ドイツは労働力を確保し、国際競争力を維持するため、23年に二重国籍の容認にカジを切った。韓国も11年に国籍法を改正し「国籍唯一の原則」を転換した。

 

二重国籍には納税国の整理などの課題はあるものの、日本政府内には日系社会とのかかわりを強めるうえで議論を避けて通れないとの見方がある。

 

 

記者の目 日本の魅力を高めたい

岸田文雄首相はサンパウロで日系人に「100年以上前に海を渡り国の発展に貢献してきた勇気とご苦労を思うと胸が熱くなる。同胞の皆さんを誇りに思う」と語りかけた。

日本の首相が南米を訪れる機会は限られ「日系人にアイドルのような歓迎を受けた」(首相周辺)。現地に溶け込む苦労を知る世代の感慨はひとしおだっただろう。

 

日系人も代を重ねれば、現地への帰属意識が強まり、日本への関心が薄れる。首相は「ルーツに誇りを持てるように日本を光り輝く良い国にしていく」と強調した。

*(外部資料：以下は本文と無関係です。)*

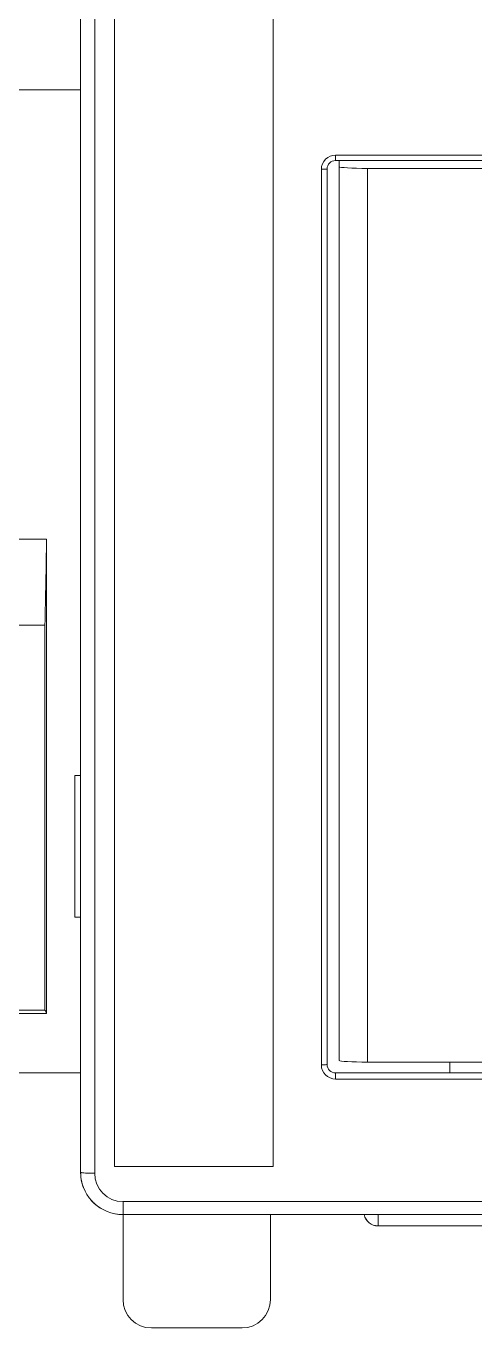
# Model space of a CAD drawing. Header units: millimetres. Extents: x 42151 to 59780, y 37376 to 44547.
# Drawn here: x 47982.53 to 47998.37, y 43438.25 to 43484.19 of the extents above; entities that cross this region are included whole.
import ezdxf

# ---------------------------------------------------------------- set-up
doc = ezdxf.new("R2010")
doc.units = ezdxf.units.MM
doc.set_wipeout_variables(frame=1)
doc.layers.add('000-PI-Oprema', color=30, linetype='Continuous', lineweight=5)
doc.layers.add('SI-ORMAR-Oprema', color=30, linetype='Continuous', lineweight=5)

# ---------------------------------------------------------------- blocks, each defined once
blk = doc.blocks.new('6EP1336-3BA10_SITOP PSU8200 20 A')
blk.add_wipeout([(0, 125), (90, 125), (90, 0), (77.6, 0), (77.6, -5.35), (28.27, -5.35), (28.27, -8.9), (12.24, -8.9), (12.24, 0), (2.933, 0), (0, 0)])
at = {"layer": '000-PI-Oprema'}
for p, q in [((90, 121.75), (90, 34.7)), ((90, 34.7), (0, 34.7)), ((90, 34.7), (90, 0)), ((87.005, 18.839), (88.805, 18.839)), ((88.746, 15.8), (1.254, 15.8)), ((88.746, 2.217), (88.746, 15.8)), ((86.943, 2.217), (88.746, 2.217)), ((88.8, 2.103), (86.943, 2.103)), ((90, 0), (86.1, 0)), ((86.943, 0), (90, 0)), ((90, 0), (90, 0)), ((90, 0), (48, 0)), ((86.1, 0), (90, 0)), ((90, 0), (90, 0))]:
    blk.add_line(p, q, dxfattribs=at)
for points in [[(88.805, 18.839), (88.785, 17.826), (88.765, 16.813), (88.746, 15.8)], [(88.8, 2.103), (88.782, 2.141), (88.764, 2.179), (88.746, 2.217)]]:
    blk.add_open_spline(points, degree=3, dxfattribs=at)
blk.add_open_spline([(88.8, 2.103), (88.8, 2.428), (88.8, 2.755), (88.8, 3.413), (88.801, 4.403), (88.801, 5.406), (88.802, 7.429), (88.802, 8.801), (88.803, 12.985), (88.804, 15.866), (88.805, 18.839)], degree=3, knots=[0, 0, 0, 0, 0.0625, 0.0625, 0.125, 0.25, 0.25, 0.5, 0.5, 1, 1, 1, 1], dxfattribs=at)
blk = doc.blocks.new('sie_red1200')
at = {"layer": 'SI-ORMAR-Oprema'}
for p, q in [((79782.809, 29280.566), (79782.807, 29280.563)), ((79782.807, 29280.563), (79782.808, 29280.563)), ((79782.808, 29280.563), (79788.309, 29280.563)), ((79788.314, 29280.566), (79782.809, 29280.566)), ((79778.009, 29276.963), (79774.809, 29276.963))]:
    blk.add_line(p, q, dxfattribs=at)
for centre, start, end in [((79774.809, 29277.963), 180, 270), ((79778.009, 29277.963), 270, 0)]:
    blk.add_arc(centre, 1, start, end, dxfattribs=at)
blk.add_wipeout([(79772.309, 29415.963), (79772.309, 29280.971), (79817.309, 29280.971), (79817.301, 29415.963)]).dxf.layer = 'SI-ORMAR-Oprema'
for p, q in [((79772.309, 29282.463), (79772.309, 29414.463)), ((79772.809, 29414.504), (79772.809, 29282.422)), ((79773.509, 29282.663), (79773.509, 29387.879)), ((79779.109, 29387.879), (79779.109, 29282.663)), ((79781.309, 29318.355), (79809.909, 29318.355)), ((79781.309, 29318.163), (79781.309, 29318.355)), ((79780.809, 29286.247), (79780.809, 29317.855)), ((79781.009, 29317.863), (79781.009, 29286.263)), ((79809.909, 29318.163), (79781.309, 29318.163)), ((79781.441, 29317.946), (79781.441, 29318.163)), ((79781.441, 29317.946), (79781.441, 29318.163)), ((79781.441, 29286.405), (79781.441, 29317.946)), ((79781.441, 29286.405), (79781.441, 29317.946)), ((79809.641, 29317.885), (79782.441, 29317.885)), ((79782.441, 29286.344), (79782.441, 29317.885)), ((79809.641, 29317.885), (79782.441, 29317.885)), ((79782.441, 29286.344), (79782.441, 29317.885)), ((79773.509, 29282.679), (79773.509, 29304.295)), ((79779.109, 29282.679), (79779.109, 29304.295)), ((79772.109, 29296.463), (79772.309, 29296.463)), ((79772.109, 29291.463), (79772.109, 29296.463)), ((79772.109, 29291.463), (79772.309, 29291.463)), ((79809.641, 29286.344), (79782.441, 29286.344)), ((79809.641, 29286.344), (79782.441, 29286.344)), ((79785.341, 29285.963), (79785.341, 29286.344)), ((79781.309, 29285.963), (79809.909, 29285.963)), ((79781.309, 29285.747), (79781.309, 29285.963)), ((79809.909, 29285.747), (79781.309, 29285.747)), ((79779.109, 29282.663), (79773.509, 29282.663)), ((79773.809, 29281.421), (79815.809, 29281.421)), ((79773.809, 29281.421), (79773.809, 29280.963)), ((79773.66, 29280.97), (79773.809, 29280.971)), ((79773.809, 29277.963), (79773.809, 29280.963)), ((79815.809, 29280.963), (79773.809, 29280.963)), ((79779.009, 29280.963), (79779.009, 29277.963)), ((79782.809, 29280.964), (79782.809, 29280.566))]:
    blk.add_line(p, q, dxfattribs=at)
for centre, radius, start, end in [((79781.309, 29317.855), 0.5, 90.0069, 180.0074), ((79781.309, 29317.863), 0.3, 90, 180), ((79781.309, 29286.247), 0.5, 179.9931, 269.9926), ((79781.309, 29286.263), 0.3, 180, 270), ((79773.809, 29282.463), 1.5, 180, 264.3798), ((79773.744, 29282.433), 1.427, 179.0965, 205.8733), ((79773.809, 29282.421), 1, 179.9827, 269.9815), ((79773.809, 29282.463), 1.5, 219.9848, 239.341), ((79773.809, 29282.463), 1.5, 260.2741, 270), ((79782.808, 29281.063), 0.5, 191.6692, 269.8997), ((79782.81, 29281.067), 0.501, 192.2154, 269.8338)]:
    blk.add_arc(centre, radius, start, end, dxfattribs=at)
for centre, major_axis, ratio, start_param, end_param in [((79780.809, 29317.863), (-0.2, 0), 0.03826, 1.570796, 3.141593), ((79782.441, 29317.946), (1, 0), 0.061048, 3.141593, 4.712389), ((79782.441, 29317.946), (1, 0), 0.061048, 3.141593, 4.712389), ((79780.809, 29286.263), (-0.2, 0), 0.077769, 1.570796, 3.141593), ((79782.441, 29286.405), (1, 0), 0.061048, 3.141593, 4.712389), ((79782.441, 29286.405), (1, 0), 0.061048, 3.141593, 4.712389), ((79772.809, 29282.463), (0.5, 0), 0.082552, 3.141593, 3.324385), ((79772.809, 29282.463), (0.5, 0), 0.082552, 3.324385, 4.712389)]:
    blk.add_ellipse(centre, major_axis=major_axis, ratio=ratio, start_param=start_param, end_param=end_param, dxfattribs=at)

msp = doc.modelspace()

# ---------------------------------------------------------------- block references
at = {"layer": '000-PI-Oprema', "ltscale": 0.25}
msp.add_blockref('6EP1336-3BA10_SITOP PSU8200 20 A', (47894.45, 43447.247), dxfattribs=at)

# ---------------------------------------------------------------- next in the draw order: block references
at = {"layer": '000-PI-Oprema'}
msp.add_blockref('sie_red1200', (-31787.858, 14161.284), dxfattribs=at)

doc.saveas('drawing.dxf')

日系人の力を借りるには日本側も努力を求められる。日本の魅力をもっと高めると同時に日系人への理解を深めたい。地球の至るところで日本を支援してくれる「応援団」に関心を寄せることから、新たな時代の協力策は生まれる。

(川上進平)

 

 

【関連記事】

 

 



多様な観点からニュースを考える

※掲載される投稿は投稿者個人の見解であり、日本経済新聞社の見解ではありません。

 

今村卓のアバター
今村卓丸紅 執行役員 丸紅経済研究所長・グローバル総括部長

ひとこと解説

多くの日本企業の海外進出を支えてきたのも現地に永住する日本人とその次世代の日系人の皆さんです。

駐在した米国で深く実感しました。

進出日系企業のスタッフや同企業の弁護士や会計士など役割はいろいろ、その貢献は記事の水先案内人を超えています。

自らの現地での苦労と努力を活かし、進出日系企業が現地の社会へ溶け込み、よき現地企業へ進化する過程を主導し、加速させる重要な役割を果たしてきています。

3世、4世になっている国では政治家、重要閣僚になる日系人もいます。

日本の外交も頼りにしているのでは。 今後は企業の現地法人と本社での幹部登用、二重国籍、日本の政府や経済界が貢献を称える。急いで進めるべきだと思います。

 (更新)
 
 
 
日経記事2024.05.17より引用
 
ーーーーーーーーーーーーーーーーーーーーーーーー
 
少子化の対策として、良いアイデアじゃないでしょうか。